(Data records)
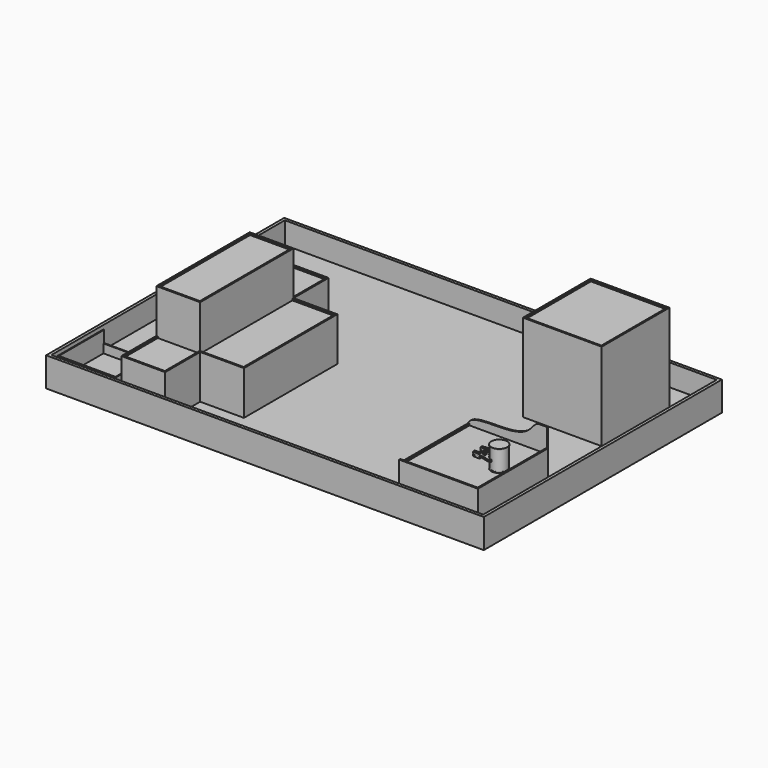
from build123d import *

# Parameters (mm, degrees)
F0_R      = 27.2
F1_DEPTH  = 2.83
F2_R      = 26.4
F3_DEPTH  = 67.36
F4_R      = 27.2
F5_DEPTH  = 2.83
F9_W      = 270
F9_H      = 300
F10_DEPTH = 72
F12_DEPTH = 15
F14_DEPTH = 5
F15_W     = 5
F15_H     = 290
F16_DEPTH = 5
F17_W     = 1500
F17_H     = 1020
F18_DEPTH = 25
F19_W     = 270
F19_H     = 290
F20_DEPTH = 300
F21_W     = 260
F21_H     = 280
F22_DEPTH = 5
F23_W     = 1500
F23_H     = 1020
F23_W_2   = 1480
F23_H_2   = 1000
F24_DEPTH = 75
F26_DEPTH = 150
F27_W     = 150
F27_H     = 400
F28_DEPTH = 150
F29_W     = 140
F29_H     = 390
F30_DEPTH = 5
F31_W     = 140
F31_H     = 145
F31_W_2   = 145
F31_H_2   = 390
F32_DEPTH = 5
F33_R     = 3
F34_DEPTH = 4
F35_R     = 3.99999
F35_2_R   = 3.99999
F36_R     = 3
F37_DEPTH = 8
F38_R     = 3
F39_DEPTH = 8
F40_R     = 3
F40_R_2   = 2.5
F41_DEPTH = 3
F42_R     = 3
F42_R_2   = 2.5
F43_DEPTH = 3
F45_DEPTH = 270.001
F46_W     = 200
F46_H     = 200
F46_W_2   = 194
F46_H_2   = 191
F47_DEPTH = 30
F49_DEPTH = 40
F50_R     = 2.5
F51_DEPTH = 5
F52_DEPTH = 6


# Not quite as in the source:
# - a fillet or chamfer is up to 0.001 mm smaller than in the source, because OpenCascade refuses the exact size
# - a feature names something its author has since deleted; it is built from what else it names


with BuildPart() as f1:
    # F0 (on Top) → F1 (new body)
    with BuildSketch(Plane.XY):
        Circle(F0_R)
    extrude(amount=F1_DEPTH)

    # F2 (on face) → F3 (join)
    with BuildSketch(Plane.XY.offset(2.83)):
        Circle(F2_R)
    extrude(amount=F3_DEPTH)

    # F4 (on face) → F5 (join)
    with BuildSketch(Plane.XY.offset(70.19)):
        Circle(F4_R)
    extrude(amount=F5_DEPTH)


with BuildPart() as f10:
    # F9 (on Top) → F10 (new body)
    with BuildSketch(Plane.XY):
        with Locations((-87.8, 0)):
            Rectangle(F9_W, F9_H)
    extrude(amount=-F10_DEPTH)

    # F11 (on face) → F12 (join)
    with BuildSketch(Plane.XY):
        Polygon((-222.8, -145), (-222.8, -150), (47.2, -150), (47.2, 150), (42.2, 150), (42.2, -145), align=None)
    extrude(amount=F12_DEPTH)

    # F13 (on face) → F14 (join)
    with BuildSketch(Plane(origin=(0, 150, 0), x_dir=(-1, 0, 0), z_dir=(0, 1, 0))):
        with BuildLine():
            Line((-21.3134280931, 81.3575685024), (-47.2, 81.3575685024))
            Line((-47.2, 81.3575685024), (-47.2, -72))
            Line((-47.2, -72), (222.8, -72))
            Line((222.8, -72), (222.8, 0))
            add(Edge.make_bspline(
                [(-21.3134280931, 81.3575685024), (-6.3059147253, 81.3822787863), (12.9585432644, 38.1268753575), (103.6097013063, 23.6068887567), (223.0224295336, 30.7718731823), (222.8, 0)],
                knots=[0, 0, 0, 0, 0.2487100673, 0.6151112321, 1, 1, 1, 1], degree=3))
        make_face()
    extrude(amount=-F14_DEPTH)

    # F15 (on face) → F16 (join)
    with BuildSketch(Plane.XY):
        with Locations((-220.3, 0)):
            Rectangle(F15_W, F15_H)
    extrude(amount=F16_DEPTH)

    # F17 (on face) → F18 (join)
    with BuildSketch(Plane(origin=(0, 0, -72), x_dir=(1, 0, 0), z_dir=(0, 0, -1))):
        with Locations((-602.8, -260)):
            Rectangle(F17_W, F17_H)
    extrude(amount=F18_DEPTH)

    # F19 (on face) → F20 (join)
    with BuildSketch(Plane.XY.offset(-72)):
        with Locations((-87.8, 525)):
            Rectangle(F19_W, F19_H)
    extrude(amount=F20_DEPTH)

    # F21 (on face) → F22 (cut)
    with BuildSketch(Plane.XY.offset(228)):
        with Locations((-87.8, 525)):
            Rectangle(F21_W, F21_H)
    extrude(amount=-F22_DEPTH, mode=Mode.SUBTRACT)

    # F23 (on face) → F24 (join)
    with BuildSketch(Plane.XY.offset(-72)):
        with Locations((-602.8, 260)):
            Rectangle(F23_W, F23_H)
        with Locations((-602.8, 260)):
            Rectangle(F23_W_2, F23_H_2, mode=Mode.SUBTRACT)
    extrude(amount=F24_DEPTH)

    # F25 (on face) → F26 (join)
    with BuildSketch(Plane.XY.offset(-72)):
        Polygon((-952.8, 460), (-1102.8, 460), (-1102.8, -240), (-952.8, -240), (-952.8, -90), (-802.8, -90), (-802.8, 310), (-952.8, 310), align=None)
    extrude(amount=F26_DEPTH)

    # F27 (on face) → F28 (join)
    with BuildSketch(Plane.XY.offset(78)):
        with Locations((-1027.8, 110)):
            Rectangle(F27_W, F27_H)
    extrude(amount=F28_DEPTH)

    # F29 (on face) → F30 (cut)
    with BuildSketch(Plane.XY.offset(228)):
        with Locations((-1027.8, 110)):
            Rectangle(F29_W, F29_H)
    extrude(amount=-F30_DEPTH, mode=Mode.SUBTRACT)

    # F31 (on face) → F32 (cut)
    with BuildSketch(Plane.XY.offset(78)):
        with Locations((-1027.8, 382.5)):
            Rectangle(F31_W, F31_H)
        with Locations((-880.3, 110)):
            Rectangle(F31_W_2, F31_H_2)
        with Locations((-1027.8, -162.5)):
            Rectangle(F31_W, F31_H)
    extrude(amount=-F32_DEPTH, mode=Mode.SUBTRACT)

    # F46 (on face) → F47 (join)
    with BuildSketch(Plane.XY.offset(-72)):
        with Locations((-1232.8, -130)):
            Rectangle(F46_W, F46_H)
        with Locations((-1232.8, -128.5)):
            Rectangle(F46_W_2, F46_H_2, mode=Mode.SUBTRACT)
    extrude(amount=F47_DEPTH)

    # F48 (on face) → F49 (join)
    with BuildSketch(Plane.XY.offset(-42)):
        Polygon((-1329.8, -30), (-1332.8, -30), (-1332.8, -230), (-1329.8, -230), (-1135.8, -230), (-1132.8, -230), (-1132.8, -30), (-1135.8, -30), (-1135.8, -224), (-1329.8, -224), align=None)
    extrude(amount=F49_DEPTH)


with BuildPart() as f34:
    # F33 (on offset) → F34 (new body, symmetric)
    with BuildSketch(Plane.XY.offset(25)):
        with BuildLine():
            Line((-55, -12), (-74.5, -12))
            Line((-74.5, -12), (-74.5, -13))
            Line((-74.5, -13), (-65.6457513111, -13))
            ThreePointArc((-65.6457513111, -13), (-67, -16), (-65.6457513111, -19))
            Line((-65.6457513111, -19), (-74.5, -19))
            Line((-74.5, -19), (-74.5, -20))
            Line((-74.5, -20), (-55, -20))
            ThreePointArc((-55, -20), (-51, -16), (-55, -12))
        make_face()
        with Locations((-63, -16)):
            Circle(F33_R, mode=Mode.SUBTRACT)
        with Locations((-55, -16)):
            Circle(F33_R, mode=Mode.SUBTRACT)
    extrude(amount=F34_DEPTH, both=True)

    # F35 (radius 4 in the source; OpenCascade refuses exactly that, so slightly less here)
    f35_edges = [f34.edges().sort_by_distance(p)[0] for p in [
        (-74.5, -19.5, 29),
        (-74.5, -12.5, 29),
        (-74.5, -19.5, 21),
        (-74.5, -12.5, 21),
    ]]
    fillet(f35_edges, radius=F35_R)

    # F36 (on face) → F37 (join, through all)
    with BuildSketch(Plane.XZ.offset(20)):
        with Locations((-70.5, 25)):
            Circle(F36_R)
    extrude(amount=-F37_DEPTH)

    # F42 (on offset) → F43 (join, symmetric)
    with BuildSketch(Plane.XY.offset(25)):
        with Locations((-63, -16)):
            Circle(F42_R)
        with Locations((-63, -16)):
            Circle(F42_R_2, mode=Mode.SUBTRACT)
        with Locations((-55, -16)):
            Circle(F42_R)
        with Locations((-55, -16)):
            Circle(F42_R_2, mode=Mode.SUBTRACT)
    extrude(amount=F43_DEPTH, both=True)


with BuildPart() as f34b:
    # F33 (on offset) → F34, piece 2 (new body, symmetric)
    with BuildSketch(Plane.XY.offset(25)):
        with BuildLine():
            Line((-74.5, 13), (-74.5, 12))
            Line((-74.5, 12), (-55, 12))
            ThreePointArc((-55, 12), (-51, 16), (-55, 20))
            Line((-55, 20), (-74.5, 20))
            Line((-74.5, 20), (-74.5, 19))
            Line((-74.5, 19), (-65.6457513111, 19))
            ThreePointArc((-65.6457513111, 19), (-67, 16), (-65.6457513111, 13))
            Line((-65.6457513111, 13), (-74.5, 13))
        make_face()
        with Locations((-63, 16)):
            Circle(F33_R, mode=Mode.SUBTRACT)
        with Locations((-55, 16)):
            Circle(F33_R, mode=Mode.SUBTRACT)
    extrude(amount=F34_DEPTH, both=True)

    # F35#2 (radius 4 in the source; OpenCascade refuses exactly that, so slightly less here)
    f35_2_edges = [f34b.edges().sort_by_distance(p)[0] for p in [
        (-74.5, 12.5, 29),
        (-74.5, 19.5, 29),
        (-74.5, 19.5, 21),
        (-74.5, 12.5, 21),
    ]]
    fillet(f35_2_edges, radius=F35_2_R)

    # F38 (on face) → F39 (join, through all)
    with BuildSketch(Plane(origin=(0, 20, 0), x_dir=(-1, 0, 0), z_dir=(0, 1, 0))):
        with Locations((70.5, 25)):
            Circle(F38_R)
    extrude(amount=-F39_DEPTH)

    # F40 (on offset) → F41 (join, symmetric)
    with BuildSketch(Plane.XY.offset(25)):
        with Locations((-55, 16)):
            Circle(F40_R)
        with Locations((-55, 16)):
            Circle(F40_R_2, mode=Mode.SUBTRACT)
        with Locations((-63, 16)):
            Circle(F40_R)
        with Locations((-63, 16)):
            Circle(F40_R_2, mode=Mode.SUBTRACT)
    extrude(amount=F41_DEPTH, both=True)


with BuildPart() as f45_tool:
    # F44 (on face) → F45 (new body, through all)
    with BuildSketch(Plane(origin=(0, 20, 0), x_dir=(-1, 0, 0), z_dir=(0, 1, 0))):
        with BuildLine():
            Line((71.5, 26), (71.5, 27.2912878475))
            ThreePointArc((71.5, 27.2912878475), (70.5, 27.5), (69.5, 27.2912878475))
            Line((69.5, 27.2912878475), (69.5, 26))
            Line((69.5, 26), (68.2087121525, 26))
            ThreePointArc((68.2087121525, 26), (68, 25), (68.2087121525, 24))
            Line((68.2087121525, 24), (69.5, 24))
            Line((69.5, 24), (69.5, 22.7087121525))
            ThreePointArc((69.5, 22.7087121525), (70.5, 22.5), (71.5, 22.7087121525))
            Line((71.5, 22.7087121525), (71.5, 24))
            Line((71.5, 24), (72.7912878475, 24))
            ThreePointArc((72.7912878475, 24), (73, 25), (72.7912878475, 26))
            Line((72.7912878475, 26), (71.5, 26))
        make_face()
    extrude(amount=-F45_DEPTH)


with BuildPart() as f34_1:
    add(f34.part)

    # F45: cut by f45_tool
    add(f45_tool.part, mode=Mode.SUBTRACT)


with BuildPart() as f34b_1:
    add(f34b.part)

    # F45: cut by f45_tool
    add(f45_tool.part, mode=Mode.SUBTRACT)


with BuildPart() as f51:
    # F50 (on face) → F51 (new body)
    with BuildSketch(Plane.XY.offset(29)):
        with BuildLine():
            add(Edge.make_bspline(
                [(-74.2329060821, 20), (-44.9317372951, 20.5015945062), (-20.0854547427, 31.9990841688), (-5.4796424043, 31.9990841688)],
                knots=[0, 0, 0, 0, 69.7924729985, 69.7924729985, 69.7924729985, 69.7924729985], degree=3))
            Line((-74.2329060821, 20), (-74.1977286978, 12))
            Line((-74.1977286978, 12), (-54.3867349625, 12))
            Line((-54.3867349625, 12), (-54.3867349625, 0))
            Line((-54.3867349625, 0), (-54.3867349625, -12))
            Line((-54.3867349625, -12), (-74.1977286978, -12))
            Line((-74.1977286978, -12), (-74.2329060821, -20))
            add(Edge.make_bspline(
                [(-74.2329060821, -20), (-44.9317372951, -20.5015945062), (-20.0854547427, -31.9990841688), (-5.4796424043, -31.9990841688)],
                knots=[0, 0, 0, 0, 69.7924729985, 69.7924729985, 69.7924729985, 69.7924729985], degree=3))
            Line((-5.4796424043, -31.9990841688), (-5.4561090459, -26.6471550842))
            ThreePointArc((-5.4561090459, -26.6471550842), (-19.2174555051, -19.2491403421), (-26.638130565, -5.5))
            Line((-26.638130565, -5.5), (-31.6020000234, -6.1))
            Line((-31.6020000234, -6.1), (-31.6020000234, 0))
            Line((-31.6020000234, 0), (-31.6020000234, 6.1))
            Line((-31.6020000234, 6.1), (-26.638130565, 5.5))
            ThreePointArc((-26.638130565, 5.5), (-19.2174555051, 19.2491403421), (-5.4561090459, 26.6471550842))
            Line((-5.4561090459, 26.6471550842), (-5.4796424043, 31.9990841688))
        make_face()
        with Locations((-63, -16)):
            Circle(F50_R, mode=Mode.SUBTRACT)
        with Locations((-55, -16)):
            Circle(F50_R, mode=Mode.SUBTRACT)
        with BuildLine():
            add(Edge.make_bspline(
                [(-49.2716804147, 0), (-50.4164208351, -3.5035182948), (-52.9410664802, -11.2302850339), (-29.0629828433, -22.6522577332), (-37.0350109676, -7.7636960082), (-41.1920547485, 0)],
                knots=[0, 0, 0, 0, 0.28417626, 0.6267310425, 1, 1, 1, 1], degree=3))
            add(Edge.make_bspline(
                [(-49.2716804147, 0), (-50.4164208351, 3.5035182948), (-52.9410664802, 11.2302850339), (-29.0629828433, 22.6522577332), (-37.0350109676, 7.7636960082), (-41.1920547485, 0)],
                knots=[0, 0, 0, 0, 0.28417626, 0.6267310425, 1, 1, 1, 1], degree=3))
        make_face(mode=Mode.SUBTRACT)
        with Locations((-63, 16)):
            Circle(F50_R, mode=Mode.SUBTRACT)
        with Locations((-55, 16)):
            Circle(F50_R, mode=Mode.SUBTRACT)
    extrude(amount=F51_DEPTH)

    # F50 (on face) → F52 (join)
    with BuildSketch(Plane.XY.offset(29)):
        with BuildLine():
            add(Edge.make_bspline(
                [(-74.2329060821, 20), (-44.9317372951, 20.5015945062), (-20.0854547427, 31.9990841688), (-5.4796424043, 31.9990841688)],
                knots=[0, 0, 0, 0, 69.7924729985, 69.7924729985, 69.7924729985, 69.7924729985], degree=3))
            Line((-74.2329060821, 20), (-74.1977286978, 12))
            Line((-74.1977286978, 12), (-54.3867349625, 12))
            Line((-54.3867349625, 12), (-54.3867349625, 0))
            Line((-54.3867349625, 0), (-54.3867349625, -12))
            Line((-54.3867349625, -12), (-74.1977286978, -12))
            Line((-74.1977286978, -12), (-74.2329060821, -20))
            add(Edge.make_bspline(
                [(-74.2329060821, -20), (-44.9317372951, -20.5015945062), (-20.0854547427, -31.9990841688), (-5.4796424043, -31.9990841688)],
                knots=[0, 0, 0, 0, 69.7924729985, 69.7924729985, 69.7924729985, 69.7924729985], degree=3))
            Line((-5.4796424043, -31.9990841688), (-5.4561090459, -26.6471550842))
            ThreePointArc((-5.4561090459, -26.6471550842), (-19.2174555051, -19.2491403421), (-26.638130565, -5.5))
            Line((-26.638130565, -5.5), (-31.6020000234, -6.1))
            Line((-31.6020000234, -6.1), (-31.6020000234, 0))
            Line((-31.6020000234, 0), (-31.6020000234, 6.1))
            Line((-31.6020000234, 6.1), (-26.638130565, 5.5))
            ThreePointArc((-26.638130565, 5.5), (-19.2174555051, 19.2491403421), (-5.4561090459, 26.6471550842))
            Line((-5.4561090459, 26.6471550842), (-5.4796424043, 31.9990841688))
        make_face()
        with Locations((-63, -16)):
            Circle(F50_R, mode=Mode.SUBTRACT)
        with Locations((-55, -16)):
            Circle(F50_R, mode=Mode.SUBTRACT)
        with BuildLine():
            add(Edge.make_bspline(
                [(-49.2716804147, 0), (-50.4164208351, -3.5035182948), (-52.9410664802, -11.2302850339), (-29.0629828433, -22.6522577332), (-37.0350109676, -7.7636960082), (-41.1920547485, 0)],
                knots=[0, 0, 0, 0, 0.28417626, 0.6267310425, 1, 1, 1, 1], degree=3))
            add(Edge.make_bspline(
                [(-49.2716804147, 0), (-50.4164208351, 3.5035182948), (-52.9410664802, 11.2302850339), (-29.0629828433, 22.6522577332), (-37.0350109676, 7.7636960082), (-41.1920547485, 0)],
                knots=[0, 0, 0, 0, 0.28417626, 0.6267310425, 1, 1, 1, 1], degree=3))
        make_face(mode=Mode.SUBTRACT)
        with Locations((-63, 16)):
            Circle(F50_R, mode=Mode.SUBTRACT)
        with Locations((-55, 16)):
            Circle(F50_R, mode=Mode.SUBTRACT)
    extrude(amount=F52_DEPTH)


solid = Compound([f1.part, f10.part, f34_1.part, f34b_1.part, f51.part])

● Task to complete
All lines above from the line with "extrude(amount=-F22_DEPTH, mode=Mode.SUBTRACT)" through the line with "# F46 (on face) → F47 (join)", both included, are to be set down exactly, with nothing else.

● Answer below
    extrude(amount=-F22_DEPTH, mode=Mode.SUBTRACT)

    # F23 (on face) → F24 (join)
    with BuildSketch(Plane.XY.offset(-72)):
        with Locations((-602.8, 260)):
            Rectangle(F23_W, F23_H)
        with Locations((-602.8, 260)):
            Rectangle(F23_W_2, F23_H_2, mode=Mode.SUBTRACT)
    extrude(amount=F24_DEPTH)

    # F25 (on face) → F26 (join)
    with BuildSketch(Plane.XY.offset(-72)):
        Polygon((-952.8, 460), (-1102.8, 460), (-1102.8, -240), (-952.8, -240), (-952.8, -90), (-802.8, -90), (-802.8, 310), (-952.8, 310), align=None)
    extrude(amount=F26_DEPTH)

    # F27 (on face) → F28 (join)
    with BuildSketch(Plane.XY.offset(78)):
        with Locations((-1027.8, 110)):
            Rectangle(F27_W, F27_H)
    extrude(amount=F28_DEPTH)

    # F29 (on face) → F30 (cut)
    with BuildSketch(Plane.XY.offset(228)):
        with Locations((-1027.8, 110)):
            Rectangle(F29_W, F29_H)
    extrude(amount=-F30_DEPTH, mode=Mode.SUBTRACT)

    # F31 (on face) → F32 (cut)
    with BuildSketch(Plane.XY.offset(78)):
        with Locations((-1027.8, 382.5)):
            Rectangle(F31_W, F31_H)
        with Locations((-880.3, 110)):
            Rectangle(F31_W_2, F31_H_2)
        with Locations((-1027.8, -162.5)):
            Rectangle(F31_W, F31_H)
    extrude(amount=-F32_DEPTH, mode=Mode.SUBTRACT)

    # F46 (on face) → F47 (join)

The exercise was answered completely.